Legal 0 percent tax due to relocation: non-dom status and tax optimization

Introduction to non-dom status

Non-domiciled status is a special tax status that is used in countries such as the United Kingdom, Malta and the United Kingdom. Ireland is available. It applies to people who live in the respective country but are not considered to be permanently established there. This status allows residents to pay tax on their foreign income only if it is remitted to their country of residence.

Advantages of non-dom status

The main advantage of non-dom status is tax optimization. Foreign income only has to be taxed if it is transferred to the country of residence (remittance basis). This opens up numerous opportunities to manage international income legally and efficiently.

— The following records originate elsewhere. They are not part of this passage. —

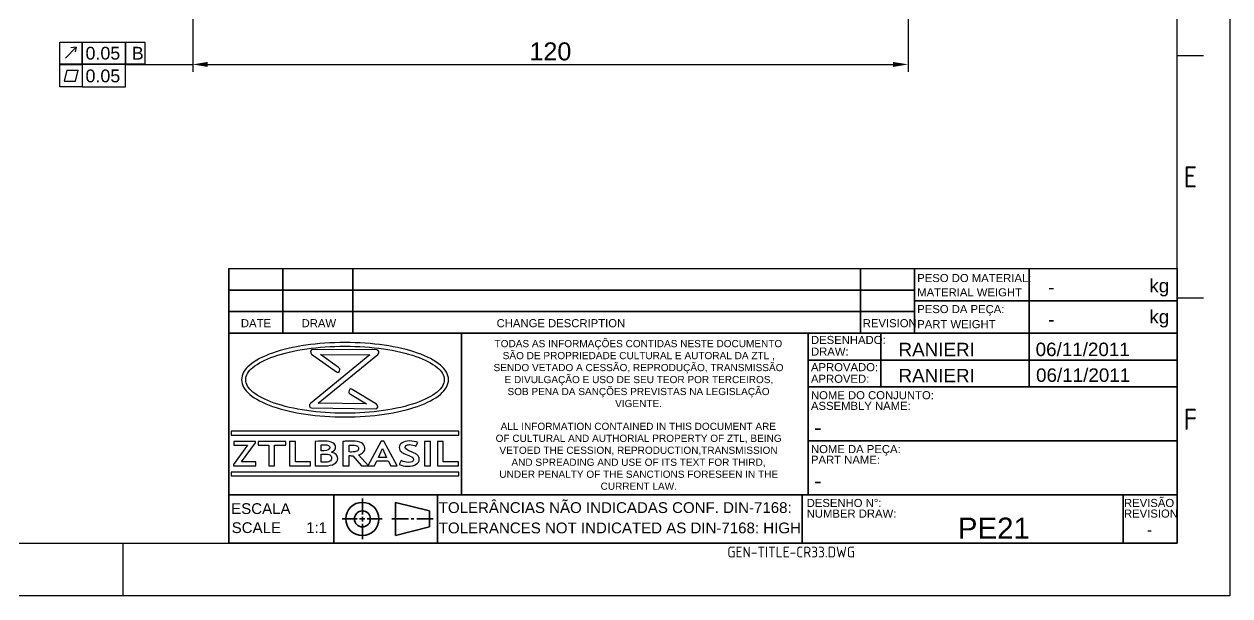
# Model space of a CAD drawing. Header units: millimetres. Extents: x 4780 to 5149, y 1689 to 1950.
# Drawn here: x 4947.7 to 5148.7, y 1689 to 1784.4 of the extents above; entities that cross this region are included whole.
import ezdxf
from ezdxf.enums import TextEntityAlignment as Align

# ---------------------------------------------------------------- set-up
doc = ezdxf.new("R2010")
doc.units = ezdxf.units.MM
doc.linetypes.add('ACAD_ISO02W100', pattern=[15, 12, -3])
doc.linetypes.add('ACAD_ISO05W100', pattern=[33, 24, -3, 0, -3, 0, -3])
for name, color, linetype, lineweight in [('AM_5', 3, 'Continuous', 25), ('AM_8', 40, 'ACAD_ISO02W100', 35), ('AM_BOR', 2, 'ACAD_ISO05W100', 35)]:
    doc.layers.add(name, color=color, linetype=linetype, lineweight=lineweight)
doc.layers.add('Camada 1', color=7, linetype='Continuous')
doc.styles.add('ACISOTS', font='isocp.shx', dxfattribs={"height": 1})
doc.styles.get("Standard").update_dxf_attribs({"font": 'arial.ttf'})
doc.dimstyles.new('ISO-25', dxfattribs={"dimtxt": 3, "dimasz": 2.5, "dimexe": 1.25, "dimexo": 0.625, "dimtad": 1, "dimtxsty": 'Standard', "dimcen": 2.5, "dimadec": 0, "dimazin": 0, "dimtfac": 1, "dimtmove": 0, "dimatfit": 3, "dimfxl": 1, "dimarcsym": 0})

# ---------------------------------------------------------------- blocks, each defined once
blk = doc.blocks.new('A3 ZTL')
for p, q in [((401.17, 9.78), (401.17, 280.82)), ((19.57, 9.78), (401.17, 9.78))]:
    blk.add_line(p, q)
at = {"layer": 'AM_BOR', "color": 135, "linetype": 'Continuous', "lineweight": 25}
for p, q in [((410.96, 290.61), (410.96, 0)), ((410.96, 0), (0, 0))]:
    blk.add_line(p, q, dxfattribs=at)
at = {"layer": 'AM_BOR', "color": 135, "lineweight": 25}
for p, q in [((406.07, 100.29), (401.17, 100.29)), ((406.07, 55.28), (401.17, 55.28)), ((205.48, 9.78), (205.48, 0))]:
    blk.add_line(p, q, dxfattribs=at)
at = {"layer": 'AM_BOR', "color": 135, "lineweight": 25, "style": 'ACISOTS'}
for s, p in [('E', (403.62, 77.79)), ('F', (403.62, 32.78))]:
    blk.add_text(s, height=3.91, dxfattribs=at).set_placement(p, align=Align.MIDDLE)
blk = doc.blocks.new('*D162')
at = {"layer": 'AM_5', "color": 0, "lineweight": -2}
for p, q in [((5095.07, 1814.41), (5095.07, 1776.38)), ((4975.78, 1811.77), (4975.78, 1776.38)), ((4978.28, 1777.63), (5092.57, 1777.63))]:
    blk.add_line(p, q, dxfattribs=at)
at = {"layer": 'AM_5', "color": 0}
for points in [[(4978.28, 1778.04), (4978.28, 1777.21), (4975.78, 1777.63)], [(5092.57, 1778.04), (5092.57, 1777.21), (5095.07, 1777.63)]]:
    blk.add_solid(points, dxfattribs=at)
at = {"layer": 'Defpoints', "color": 0}
for p in [(5095.07, 1815.03), (4975.78, 1812.4), (5095.07, 1777.63)]:
    blk.add_point(p, dxfattribs=at)
at = {"layer": 'AM_5', "color": 0, "insert": (5035.43, 1779.78), "char_height": 3, "attachment_point": 5}
blk.add_mtext('120', dxfattribs=at)

msp = doc.modelspace()

# ---------------------------------------------------------------- linework, layer by layer
at = {"linetype": 'Continuous'}
msp.add_line((4981.826, 1743.592), (5139.949, 1743.592), dxfattribs=at)
at = {"layer": 'AM_5', "lineweight": 25}
for p, q in [((4956.335, 1780.504), (4954.543, 1778.667)), ((4956.335, 1780.504), (4955.456, 1780.375)), ((4956.335, 1780.504), (4956.194, 1779.713)), ((4964.57, 1777.627), (4975.779, 1777.627)), ((4954.813, 1776.693), (4954.345, 1774.824)), ((4954.813, 1776.693), (4956.682, 1776.693)), ((4956.214, 1774.824), (4956.682, 1776.693)), ((4954.345, 1774.824), (4956.214, 1774.824))]:
    msp.add_line(p, q, dxfattribs=at)
for points in [[(4953.598, 1781.366), (4957.336, 1781.366), (4957.336, 1777.657), (4953.598, 1777.657)], [(4957.336, 1781.366), (4964.57, 1781.366), (4964.57, 1777.657), (4957.336, 1777.657)], [(4964.57, 1781.366), (4967.816, 1781.366), (4967.816, 1777.657), (4964.57, 1777.657)], [(4953.598, 1777.627), (4957.336, 1777.627), (4957.336, 1773.889), (4953.598, 1773.889)], [(4957.336, 1773.889), (4964.57, 1773.889), (4964.57, 1777.627), (4957.336, 1777.627)]]:
    msp.add_lwpolyline(points, close=True, dxfattribs=at)
at = {"layer": 'AM_8', "color": 0, "linetype": 'Continuous'}
for p, q in [((4981.826, 1743.592), (4981.826, 1697.773)), ((4990.81, 1743.592), (4990.81, 1732.811)), ((5002.49, 1743.592), (5002.49, 1732.811)), ((5087.165, 1743.592), (5087.165, 1732.811)), ((5096.149, 1732.811), (5096.149, 1743.592)), ((5115.242, 1743.592), (5115.242, 1738.202)), ((5139.949, 1697.773), (5139.949, 1743.592)), ((5096.149, 1739.999), (4981.826, 1739.999)), ((5096.149, 1738.202), (5139.949, 1738.202)), ((5115.242, 1738.202), (5115.242, 1732.811)), ((4981.826, 1736.405), (5096.149, 1736.405)), ((4981.826, 1732.811), (5077.059, 1732.811)), ((5020.591, 1732.811), (5020.591, 1705.858)), ((5077.059, 1732.811), (5139.949, 1732.811)), ((5078.431, 1732.811), (5078.431, 1715.741)), ((5090.536, 1732.811), (5090.536, 1723.827)), ((5115.242, 1732.811), (5115.242, 1723.827)), ((5078.431, 1728.319), (5139.949, 1728.319)), ((5078.431, 1723.827), (5139.949, 1723.827)), ((5078.431, 1715.741), (5078.431, 1705.858)), ((5078.431, 1714.843), (5139.949, 1714.843)), ((5077.059, 1705.858), (4981.826, 1705.858)), ((4999.287, 1705.858), (4999.287, 1697.773)), ((5004.074, 1705.21), (5004.074, 1702.544)), ((5016.588, 1705.858), (5016.588, 1697.773)), ((5077.059, 1705.858), (5130.965, 1705.858)), ((5077.433, 1697.773), (5077.433, 1705.858)), ((5139.949, 1705.858), (5130.965, 1705.858)), ((5130.965, 1705.858), (5130.965, 1697.773)), ((5015.243, 1703.148), (5009.591, 1704.581)), ((5009.591, 1704.581), (5009.591, 1699.05)), ((5015.243, 1703.148), (5015.243, 1700.483)), ((5000.695, 1701.816), (5003.232, 1701.816)), ((5003.617, 1701.816), (5004.509, 1701.816)), ((5004.074, 1702.173), (5004.074, 1701.377)), ((5004.853, 1701.816), (5007.373, 1701.816)), ((5008.975, 1701.816), (5011.754, 1701.816)), ((5012.182, 1701.816), (5012.629, 1701.816)), ((5013.146, 1701.816), (5015.898, 1701.816)), ((5004.074, 1701.02), (5004.074, 1698.421)), ((5015.243, 1700.483), (5009.591, 1699.05)), ((4981.826, 1697.773), (5139.949, 1697.773))]:
    msp.add_line(p, q, dxfattribs=at)
for radius in [2.766, 1.333]:
    msp.add_circle((5004.074, 1701.816), radius, dxfattribs=at)
at = {"layer": 'Camada 1'}
for points, knots in [([(5001.179, 1731.246), (5003.482, 1731.246), (5005.683, 1731.085), (5007.694, 1730.793), (5007.694, 1730.793), (5009.784, 1730.489), (5011.669, 1730.044), (5013.25, 1729.492), (5013.25, 1729.492), (5014.873, 1728.926), (5016.183, 1728.243), (5017.078, 1727.477), (5017.078, 1727.477), (5017.95, 1726.733), (5018.431, 1725.909), (5018.431, 1725.038), (5018.431, 1725.038), (5018.431, 1724.167), (5017.95, 1723.343), (5017.078, 1722.598), (5017.078, 1722.598), (5016.183, 1721.833), (5014.873, 1721.149), (5013.25, 1720.583), (5013.25, 1720.583), (5011.669, 1720.031), (5009.784, 1719.586), (5007.694, 1719.282), (5007.694, 1719.282), (5005.683, 1718.991), (5003.482, 1718.829), (5001.179, 1718.829), (5001.179, 1718.829), (4998.875, 1718.829), (4996.674, 1718.991), (4994.663, 1719.282), (4994.663, 1719.282), (4992.573, 1719.586), (4990.688, 1720.031), (4989.107, 1720.583), (4989.107, 1720.583), (4987.484, 1721.149), (4986.175, 1721.833), (4985.279, 1722.598), (4985.279, 1722.598), (4984.408, 1723.343), (4983.926, 1724.167), (4983.926, 1725.038), (4983.926, 1725.038), (4983.926, 1725.909), (4984.408, 1726.733), (4985.279, 1727.477), (4985.279, 1727.477), (4986.175, 1728.243), (4987.484, 1728.926), (4989.107, 1729.492), (4989.107, 1729.492), (4990.688, 1730.044), (4992.573, 1730.489), (4994.663, 1730.793), (4994.663, 1730.793), (4996.674, 1731.085), (4998.875, 1731.246), (5001.179, 1731.246)], [0, 0, 0, 0, 0.0588235, 0.0588235, 0.0588235, 0.0588235, 0.1176471, 0.1176471, 0.1176471, 0.1176471, 0.1764706, 0.1764706, 0.1764706, 0.1764706, 0.2352941, 0.2352941, 0.2352941, 0.2352941, 0.2941176, 0.2941176, 0.2941176, 0.2941176, 0.3529412, 0.3529412, 0.3529412, 0.3529412, 0.4117647, 0.4117647, 0.4117647, 0.4117647, 0.4705882, 0.4705882, 0.4705882, 0.4705882, 0.5294118, 0.5294118, 0.5294118, 0.5294118, 0.5882353, 0.5882353, 0.5882353, 0.5882353, 0.6470588, 0.6470588, 0.6470588, 0.6470588, 0.7058824, 0.7058824, 0.7058824, 0.7058824, 0.7647059, 0.7647059, 0.7647059, 0.7647059, 0.8235294, 0.8235294, 0.8235294, 0.8235294, 0.8823529, 0.8823529, 0.8823529, 0.8823529, 1, 1, 1, 1]), ([(5001.179, 1730.634), (4998.916, 1730.634), (4996.756, 1730.476), (4994.787, 1730.191), (4994.787, 1730.191), (4992.741, 1729.895), (4990.899, 1729.461), (4989.359, 1728.923), (4989.359, 1728.923), (4987.86, 1728.4), (4986.652, 1727.782), (4985.829, 1727.103), (4985.829, 1727.103), (4985.048, 1726.459), (4984.617, 1725.76), (4984.617, 1725.038), (4984.617, 1725.038), (4984.617, 1724.315), (4985.048, 1723.617), (4985.829, 1722.972), (4985.829, 1722.972), (4986.652, 1722.293), (4987.86, 1721.676), (4989.359, 1721.152), (4989.359, 1721.152), (4990.899, 1720.614), (4992.741, 1720.181), (4994.787, 1719.884), (4994.787, 1719.884), (4996.756, 1719.599), (4998.915, 1719.442), (5001.179, 1719.442), (5001.179, 1719.442), (5003.442, 1719.442), (5005.601, 1719.599), (5007.57, 1719.884), (5007.57, 1719.884), (5009.616, 1720.181), (5011.458, 1720.614), (5012.998, 1721.152), (5012.998, 1721.152), (5014.497, 1721.676), (5015.705, 1722.293), (5016.528, 1722.972), (5016.528, 1722.972), (5017.309, 1723.617), (5017.74, 1724.315), (5017.74, 1725.038), (5017.74, 1725.038), (5017.74, 1725.76), (5017.309, 1726.459), (5016.528, 1727.103), (5016.528, 1727.103), (5015.705, 1727.782), (5014.497, 1728.4), (5012.998, 1728.923), (5012.998, 1728.923), (5011.458, 1729.461), (5009.616, 1729.895), (5007.57, 1730.191), (5007.57, 1730.191), (5005.601, 1730.476), (5003.442, 1730.634), (5001.179, 1730.634)], [0, 0, 0, 0, 0.0588235, 0.0588235, 0.0588235, 0.0588235, 0.1176471, 0.1176471, 0.1176471, 0.1176471, 0.1764706, 0.1764706, 0.1764706, 0.1764706, 0.2352941, 0.2352941, 0.2352941, 0.2352941, 0.2941176, 0.2941176, 0.2941176, 0.2941176, 0.3529412, 0.3529412, 0.3529412, 0.3529412, 0.4117647, 0.4117647, 0.4117647, 0.4117647, 0.4705882, 0.4705882, 0.4705882, 0.4705882, 0.5294118, 0.5294118, 0.5294118, 0.5294118, 0.5882353, 0.5882353, 0.5882353, 0.5882353, 0.6470588, 0.6470588, 0.6470588, 0.6470588, 0.7058824, 0.7058824, 0.7058824, 0.7058824, 0.7647059, 0.7647059, 0.7647059, 0.7647059, 0.8235294, 0.8235294, 0.8235294, 0.8235294, 0.8823529, 0.8823529, 0.8823529, 0.8823529, 1, 1, 1, 1]), ([(4999.744, 1726.36), (4999.744, 1726.36), (4995.61, 1729.321), (4995.61, 1729.321), (4995.61, 1729.321), (4995.303, 1729.542), (4995.427, 1730.102), (4995.79, 1730.099), (4995.79, 1730.099), (4995.79, 1730.099), (5006.465, 1730.013), (5006.465, 1730.013), (5006.465, 1730.013), (5006.815, 1730.01), (5006.946, 1729.482), (5006.659, 1729.249), (5006.659, 1729.249), (5006.659, 1729.249), (4996.721, 1721.152), (4996.721, 1721.152), (4996.721, 1721.152), (4996.721, 1721.152), (5004.776, 1721.023), (5004.776, 1721.023), (5004.776, 1721.023), (5004.776, 1721.023), (5002.067, 1722.655), (5002.067, 1722.655), (5002.067, 1722.655), (5001.889, 1722.762), (5001.711, 1722.869), (5001.866, 1723.242), (5001.866, 1723.242), (5002.021, 1723.614), (5002.2, 1723.507), (5002.378, 1723.399), (5002.378, 1723.399), (5002.378, 1723.399), (5006.439, 1720.953), (5006.439, 1720.953), (5006.439, 1720.953), (5006.771, 1720.752), (5006.654, 1720.156), (5006.28, 1720.162), (5006.28, 1720.162), (5006.28, 1720.162), (4995.605, 1720.334), (4995.605, 1720.334), (4995.605, 1720.334), (4995.255, 1720.339), (4995.128, 1720.866), (4995.413, 1721.098), (4995.413, 1721.098), (4995.413, 1721.098), (5005.34, 1729.186), (5005.34, 1729.186), (5005.34, 1729.186), (5005.34, 1729.186), (4997.066, 1729.252), (4997.066, 1729.252), (4997.066, 1729.252), (4997.066, 1729.252), (5000.101, 1727.078), (5000.101, 1727.078), (5000.101, 1727.078), (5000.27, 1726.957), (5000.439, 1726.836), (5000.26, 1726.476), (5000.26, 1726.476), (5000.082, 1726.117), (4999.913, 1726.238), (4999.744, 1726.36)], [0, 0, 0, 0, 0.0526316, 0.0526316, 0.0526316, 0.0526316, 0.1052632, 0.1052632, 0.1052632, 0.1052632, 0.1578947, 0.1578947, 0.1578947, 0.1578947, 0.2105263, 0.2105263, 0.2105263, 0.2105263, 0.2631579, 0.2631579, 0.2631579, 0.2631579, 0.3157895, 0.3157895, 0.3157895, 0.3157895, 0.3684211, 0.3684211, 0.3684211, 0.3684211, 0.4210526, 0.4210526, 0.4210526, 0.4210526, 0.4736842, 0.4736842, 0.4736842, 0.4736842, 0.5263158, 0.5263158, 0.5263158, 0.5263158, 0.5789474, 0.5789474, 0.5789474, 0.5789474, 0.6315789, 0.6315789, 0.6315789, 0.6315789, 0.6842105, 0.6842105, 0.6842105, 0.6842105, 0.7368421, 0.7368421, 0.7368421, 0.7368421, 0.7894737, 0.7894737, 0.7894737, 0.7894737, 0.8421053, 0.8421053, 0.8421053, 0.8421053, 0.8947368, 0.8947368, 0.8947368, 0.8947368, 1, 1, 1, 1]), ([(4982.276, 1716.434), (4982.276, 1716.434), (5020.081, 1716.434), (5020.081, 1716.434), (5020.081, 1716.434), (5020.081, 1716.434), (5020.155, 1716.434), (5020.155, 1716.434), (5020.155, 1716.434), (5020.155, 1716.434), (5020.155, 1716.359), (5020.155, 1716.359), (5020.155, 1716.359), (5020.155, 1716.359), (5020.155, 1715.867), (5020.155, 1715.867), (5020.155, 1715.867), (5020.155, 1715.867), (5020.155, 1715.793), (5020.155, 1715.793), (5020.155, 1715.793), (5020.155, 1715.793), (5020.081, 1715.793), (5020.081, 1715.793), (5020.081, 1715.793), (5020.081, 1715.793), (4982.276, 1715.793), (4982.276, 1715.793), (4982.276, 1715.793), (4982.276, 1715.793), (4982.202, 1715.793), (4982.202, 1715.793), (4982.202, 1715.793), (4982.202, 1715.793), (4982.202, 1715.867), (4982.202, 1715.867), (4982.202, 1715.867), (4982.202, 1715.867), (4982.202, 1716.359), (4982.202, 1716.359), (4982.202, 1716.359), (4982.202, 1716.359), (4982.202, 1716.434), (4982.202, 1716.434), (4982.202, 1716.434), (4982.202, 1716.434), (4982.276, 1716.434), (4982.276, 1716.434)], [0, 0, 0, 0, 0.0769231, 0.0769231, 0.0769231, 0.0769231, 0.1538462, 0.1538462, 0.1538462, 0.1538462, 0.2307692, 0.2307692, 0.2307692, 0.2307692, 0.3076923, 0.3076923, 0.3076923, 0.3076923, 0.3846154, 0.3846154, 0.3846154, 0.3846154, 0.4615385, 0.4615385, 0.4615385, 0.4615385, 0.5384615, 0.5384615, 0.5384615, 0.5384615, 0.6153846, 0.6153846, 0.6153846, 0.6153846, 0.6923077, 0.6923077, 0.6923077, 0.6923077, 0.7692308, 0.7692308, 0.7692308, 0.7692308, 0.8461538, 0.8461538, 0.8461538, 0.8461538, 1, 1, 1, 1]), ([(4982.578, 1710.68), (4982.578, 1710.68), (4982.578, 1710.913), (4982.578, 1710.913), (4982.578, 1710.913), (4982.578, 1710.913), (4984.891, 1714.112), (4984.891, 1714.112), (4984.891, 1714.112), (4984.891, 1714.112), (4982.617, 1714.112), (4982.617, 1714.112), (4982.617, 1714.112), (4982.617, 1714.112), (4982.617, 1714.755), (4982.617, 1714.755), (4982.617, 1714.755), (4982.617, 1714.755), (4986.232, 1714.755), (4986.232, 1714.755), (4986.232, 1714.755), (4986.232, 1714.755), (4986.232, 1714.521), (4986.232, 1714.521), (4986.232, 1714.521), (4986.232, 1714.521), (4983.911, 1711.323), (4983.911, 1711.323), (4983.911, 1711.323), (4983.911, 1711.323), (4986.314, 1711.323), (4986.314, 1711.323), (4986.314, 1711.323), (4986.314, 1711.323), (4986.314, 1710.68), (4986.314, 1710.68), (4986.314, 1710.68), (4986.314, 1710.68), (4982.578, 1710.68), (4982.578, 1710.68)], [0, 0, 0, 0, 0.0909091, 0.0909091, 0.0909091, 0.0909091, 0.1818182, 0.1818182, 0.1818182, 0.1818182, 0.2727273, 0.2727273, 0.2727273, 0.2727273, 0.3636364, 0.3636364, 0.3636364, 0.3636364, 0.4545455, 0.4545455, 0.4545455, 0.4545455, 0.5454545, 0.5454545, 0.5454545, 0.5454545, 0.6363636, 0.6363636, 0.6363636, 0.6363636, 0.7272727, 0.7272727, 0.7272727, 0.7272727, 0.8181818, 0.8181818, 0.8181818, 0.8181818, 1, 1, 1, 1]), ([(4989.441, 1714.112), (4989.441, 1714.112), (4989.441, 1710.68), (4989.441, 1710.68), (4989.441, 1710.68), (4989.441, 1710.68), (4988.456, 1710.68), (4988.456, 1710.68), (4988.456, 1710.68), (4988.456, 1710.68), (4988.456, 1714.112), (4988.456, 1714.112), (4988.456, 1714.112), (4988.456, 1714.112), (4986.693, 1714.112), (4986.693, 1714.112), (4986.693, 1714.112), (4986.693, 1714.112), (4986.693, 1714.755), (4986.693, 1714.755), (4986.693, 1714.755), (4986.693, 1714.755), (4991.283, 1714.755), (4991.283, 1714.755), (4991.283, 1714.755), (4991.283, 1714.755), (4991.283, 1714.112), (4991.283, 1714.112), (4991.283, 1714.112), (4991.283, 1714.112), (4989.441, 1714.112), (4989.441, 1714.112)], [0, 0, 0, 0, 0.1111111, 0.1111111, 0.1111111, 0.1111111, 0.2222222, 0.2222222, 0.2222222, 0.2222222, 0.3333333, 0.3333333, 0.3333333, 0.3333333, 0.4444444, 0.4444444, 0.4444444, 0.4444444, 0.5555556, 0.5555556, 0.5555556, 0.5555556, 0.6666667, 0.6666667, 0.6666667, 0.6666667, 0.7777778, 0.7777778, 0.7777778, 0.7777778, 1, 1, 1, 1]), ([(4991.926, 1710.68), (4991.926, 1710.68), (4991.926, 1714.755), (4991.926, 1714.755), (4991.926, 1714.755), (4991.926, 1714.755), (4992.911, 1714.755), (4992.911, 1714.755), (4992.911, 1714.755), (4992.911, 1714.755), (4992.911, 1711.323), (4992.911, 1711.323), (4992.911, 1711.323), (4992.911, 1711.323), (4995.417, 1711.323), (4995.417, 1711.323), (4995.417, 1711.323), (4995.417, 1711.323), (4995.417, 1710.68), (4995.417, 1710.68), (4995.417, 1710.68), (4995.417, 1710.68), (4991.926, 1710.68), (4991.926, 1710.68)], [0, 0, 0, 0, 0.1428571, 0.1428571, 0.1428571, 0.1428571, 0.2857143, 0.2857143, 0.2857143, 0.2857143, 0.4285714, 0.4285714, 0.4285714, 0.4285714, 0.5714286, 0.5714286, 0.5714286, 0.5714286, 0.7142857, 0.7142857, 0.7142857, 0.7142857, 1, 1, 1, 1]), ([(4997.907, 1710.68), (4997.907, 1710.68), (4996.211, 1710.68), (4996.211, 1710.68), (4996.211, 1710.68), (4996.211, 1710.68), (4996.211, 1714.752), (4996.211, 1714.752), (4996.211, 1714.752), (4996.959, 1714.777), (4997.482, 1714.791), (4997.781, 1714.791), (4997.781, 1714.791), (4998.358, 1714.791), (4998.807, 1714.7), (4999.132, 1714.519), (4999.132, 1714.519), (4999.456, 1714.339), (4999.617, 1714.081), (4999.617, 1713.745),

Who can obtain non-dom status?

Non-dom status is open to persons who:

  • Moving to the respective country from abroad
  • Do not have citizenship of the country
  • In Great Britain: People whose father was not born in Great Britain

Not permanently rooted: meaning and implications

In the context of non-dom status, "not permanently rooted":

  • No intention to remain permanently in the country of residence
  • The country of residence is not considered a permanent home
  • No deeper historical or family connection to the country of residence

This definition is crucial as it forms the basis for non-dom status.

Specific regulations in different countries

Malta

  • Offers an attractive "Residence Program" for non-doms
  • Foreign income is only taxed if it is transferred to Malta
  • Possibility of a flat-rate tax for wealthy individuals

Ireland

  • "Remittance basis of taxation" for non-doms
  • Foreign income is only taxed if it is remitted to Ireland
  • No time limit on non-dom status as in the UK

Great Britain

  • Foreign income and capital gains only have to be taxed if they are transferred to the UK
  • After 7 years of residence: An annual lump sum tax to retain non-dom status
  • After 15 years within the last 20 years: loss of preferential tax status

Practical implementation of the 0% tax strategy

To actually achieve 0% taxes, non-doms can take the following steps:

  • Establishment of a US LLC to manage all foreign income
  • Opening of bank accounts for the LLC outside the country of residence
  • Reinvestment of all profits via the LLC, without transfers to the country of residence
  • Use of credit cards that are issued to foreign Accounts are bound for expenditure in the country of residence
  • Careful documentation of all transactions to distinguish between taxed and untaxed funds

This strategy means that income can effectively remain untaxed as long as it is not transferred to the country of residence.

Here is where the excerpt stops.